Editorial Policies
Policies that safeguard integrity and transparency.
Editorial Independence
IJHS maintains editorial independence to ensure decisions are based on scientific merit and methodological rigor.
Peer Review
Single blind peer review is used with editorial oversight. Reviewers assess statistical validity and reporting transparency.
Ethics and Integrity
We follow international publication ethics standards. Misconduct is investigated promptly and documented.
Corrections and Retractions
Corrections, retractions, or expressions of concern are issued when needed to protect the scholarly record.
Additional Context
IJHS follows international publication ethics guidelines and maintains editorial independence.
Conflicts of interest, funding disclosures, and data transparency requirements are enforced consistently.
Corrections and retractions are issued when needed to protect the integrity of the record.
Appeals are reviewed by the editorial office using documented criteria and responses.
Editors and reviewers must avoid conflicts of interest and disclose relationships that could influence decisions.
Authors are expected to provide honest reporting and data availability statements aligned with ethical standards.
The journal follows clear procedures for handling suspected plagiarism or data fabrication.
Post publication updates are issued to maintain accuracy and transparency in the scholarly record.
Policy updates are communicated to authors and reviewers to ensure consistent expectations.
Clear statistical reporting improves the interpretability of health evidence for clinicians, policymakers, and research funders.
We encourage authors to document assumptions and sensitivity analyses so conclusions remain robust across populations.
Transparent reporting of data provenance and governance supports reproducibility and ethical compliance in health statistics.
Well structured manuscripts accelerate peer review and help readers apply statistical insights to real world health decisions.
Describe cohort selection, inclusion criteria, and data exclusions to reduce ambiguity in analytic interpretation.
Provide uncertainty measures such as confidence intervals or credible intervals for key estimates and model outputs.
Explain how missing data were handled and why chosen strategies were appropriate for the study design.
When presenting predictive models, report calibration, discrimination, and decision curve metrics where relevant.
Define statistical terminology clearly for multidisciplinary readers who apply methods in clinical settings.
Summaries that connect statistical findings to health outcomes improve translation to policy and practice.
Report software versions and packages to support reproducibility across analytic environments.
When combining datasets, document linkage procedures and quality checks for matching accuracy.

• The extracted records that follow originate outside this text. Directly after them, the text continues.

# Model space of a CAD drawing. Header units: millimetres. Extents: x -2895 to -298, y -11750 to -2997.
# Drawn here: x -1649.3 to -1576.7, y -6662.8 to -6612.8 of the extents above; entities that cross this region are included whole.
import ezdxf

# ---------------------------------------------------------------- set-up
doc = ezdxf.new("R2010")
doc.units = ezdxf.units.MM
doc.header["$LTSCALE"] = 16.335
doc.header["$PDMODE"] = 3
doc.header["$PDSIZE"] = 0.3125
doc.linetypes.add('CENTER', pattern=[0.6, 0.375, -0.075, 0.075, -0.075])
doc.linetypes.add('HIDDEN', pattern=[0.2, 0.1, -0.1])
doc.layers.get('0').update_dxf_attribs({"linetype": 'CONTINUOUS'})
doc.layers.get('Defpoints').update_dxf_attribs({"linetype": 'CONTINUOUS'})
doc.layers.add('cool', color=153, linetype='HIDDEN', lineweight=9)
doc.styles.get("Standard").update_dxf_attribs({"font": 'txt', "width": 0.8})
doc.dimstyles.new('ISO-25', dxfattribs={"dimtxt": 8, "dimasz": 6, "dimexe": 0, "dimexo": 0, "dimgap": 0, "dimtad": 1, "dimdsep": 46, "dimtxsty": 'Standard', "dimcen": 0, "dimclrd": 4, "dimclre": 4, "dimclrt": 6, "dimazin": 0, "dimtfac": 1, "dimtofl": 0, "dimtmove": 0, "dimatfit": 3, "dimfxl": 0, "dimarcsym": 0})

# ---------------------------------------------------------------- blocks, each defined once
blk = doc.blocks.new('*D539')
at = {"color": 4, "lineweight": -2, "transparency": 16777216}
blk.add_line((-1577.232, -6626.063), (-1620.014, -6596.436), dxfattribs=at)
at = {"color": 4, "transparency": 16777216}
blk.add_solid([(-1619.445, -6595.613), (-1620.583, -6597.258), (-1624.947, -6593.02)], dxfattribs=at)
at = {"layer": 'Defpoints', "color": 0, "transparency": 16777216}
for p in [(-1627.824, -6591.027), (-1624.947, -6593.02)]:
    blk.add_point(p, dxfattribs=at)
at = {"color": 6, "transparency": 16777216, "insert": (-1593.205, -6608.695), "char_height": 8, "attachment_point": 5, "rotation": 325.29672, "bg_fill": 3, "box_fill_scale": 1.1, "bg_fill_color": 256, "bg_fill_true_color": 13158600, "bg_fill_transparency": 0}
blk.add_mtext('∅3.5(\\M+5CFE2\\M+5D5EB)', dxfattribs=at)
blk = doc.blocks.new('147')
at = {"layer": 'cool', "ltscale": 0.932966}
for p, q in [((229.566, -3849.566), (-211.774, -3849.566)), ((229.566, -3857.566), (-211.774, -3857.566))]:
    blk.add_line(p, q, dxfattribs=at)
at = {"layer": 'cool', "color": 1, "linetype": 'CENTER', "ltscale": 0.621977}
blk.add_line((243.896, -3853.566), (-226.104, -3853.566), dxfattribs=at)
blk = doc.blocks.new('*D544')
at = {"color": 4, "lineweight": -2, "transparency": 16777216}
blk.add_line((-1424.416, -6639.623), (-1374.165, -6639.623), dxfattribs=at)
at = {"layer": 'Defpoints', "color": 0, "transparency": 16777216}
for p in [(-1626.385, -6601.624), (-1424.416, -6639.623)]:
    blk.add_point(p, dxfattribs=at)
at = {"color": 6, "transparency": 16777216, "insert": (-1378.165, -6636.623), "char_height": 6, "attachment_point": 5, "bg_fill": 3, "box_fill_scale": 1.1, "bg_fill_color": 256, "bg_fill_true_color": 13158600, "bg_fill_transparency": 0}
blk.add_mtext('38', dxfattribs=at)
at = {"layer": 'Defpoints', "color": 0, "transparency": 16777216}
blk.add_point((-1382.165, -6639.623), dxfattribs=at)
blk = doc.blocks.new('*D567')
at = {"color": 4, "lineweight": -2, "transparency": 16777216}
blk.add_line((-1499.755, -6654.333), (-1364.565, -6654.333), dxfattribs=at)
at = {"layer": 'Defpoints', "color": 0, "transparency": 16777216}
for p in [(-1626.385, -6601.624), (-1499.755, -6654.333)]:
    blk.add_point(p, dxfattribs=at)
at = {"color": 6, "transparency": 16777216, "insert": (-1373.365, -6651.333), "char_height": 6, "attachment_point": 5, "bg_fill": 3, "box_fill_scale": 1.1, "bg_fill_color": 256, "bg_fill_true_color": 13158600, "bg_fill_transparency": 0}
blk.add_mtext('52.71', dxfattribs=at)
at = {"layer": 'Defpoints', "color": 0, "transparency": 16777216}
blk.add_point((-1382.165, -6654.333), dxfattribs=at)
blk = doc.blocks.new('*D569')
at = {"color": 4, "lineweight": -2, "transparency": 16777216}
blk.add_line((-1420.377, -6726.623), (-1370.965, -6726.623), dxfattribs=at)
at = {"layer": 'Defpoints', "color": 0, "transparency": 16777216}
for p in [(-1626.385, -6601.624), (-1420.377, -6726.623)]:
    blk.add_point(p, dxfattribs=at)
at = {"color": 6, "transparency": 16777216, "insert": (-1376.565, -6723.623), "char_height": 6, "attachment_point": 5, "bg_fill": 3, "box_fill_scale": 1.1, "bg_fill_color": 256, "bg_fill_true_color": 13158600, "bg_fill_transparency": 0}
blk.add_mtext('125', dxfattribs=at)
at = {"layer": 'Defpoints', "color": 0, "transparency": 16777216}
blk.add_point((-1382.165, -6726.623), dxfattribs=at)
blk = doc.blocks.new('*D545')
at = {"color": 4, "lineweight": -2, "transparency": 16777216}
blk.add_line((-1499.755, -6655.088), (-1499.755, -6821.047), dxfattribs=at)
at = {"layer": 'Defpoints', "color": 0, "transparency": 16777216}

Highlight ethical safeguards for patient privacy, especially when working with linked or sensitive datasets.
Include brief rationale for study design choices to support reviewer understanding and methodological transparency.
Use tables and figures to communicate effect sizes, uncertainty, and subgroup comparisons clearly.
If external validation is performed, describe population differences and implications for generalizability.
Describe any model tuning or hyperparameter selection to support reproducibility in machine learning workflows.
If data access is restricted, describe the approval process for qualified researchers and expected timelines.
For time series analyses, describe seasonality handling and any interventions or policy changes considered.
When reporting health disparities, describe how social determinants and contextual factors are measured.
Include data dictionary summaries or variable definitions for key covariates to improve interpretability.
Manuscripts benefit from concise discussion of clinical relevance and potential implications for health systems.
Provide transparency about funding sources and potential conflicts of interest affecting analytic decisions.
Ensure titles and abstracts reflect the statistical contribution and health domain application accurately.
A clear narrative of methods to results supports readers who are translating findings into practice.
Explain how sampling weights or survey design elements were applied in national or regional datasets.
Sensitivity analyses for key assumptions increase confidence in the robustness of conclusions.
When applicable, provide code or pseudo code to clarify analytic steps for replication.
Include brief discussion of how statistical uncertainty affects decision thresholds or policy interpretation.
For diagnostic accuracy studies, report sensitivity, specificity, and confidence intervals with clear thresholds.
Describe any weighting adjustments or post stratification steps used for population level inference.
If models are updated over time, explain monitoring plans and criteria for recalibration.
Summarize key data limitations and how they might influence interpretation of results.
For health services research, describe care setting context and organizational factors influencing outcomes.
Uphold Publishing Integrity
Clear policies protect trust in health statistics research.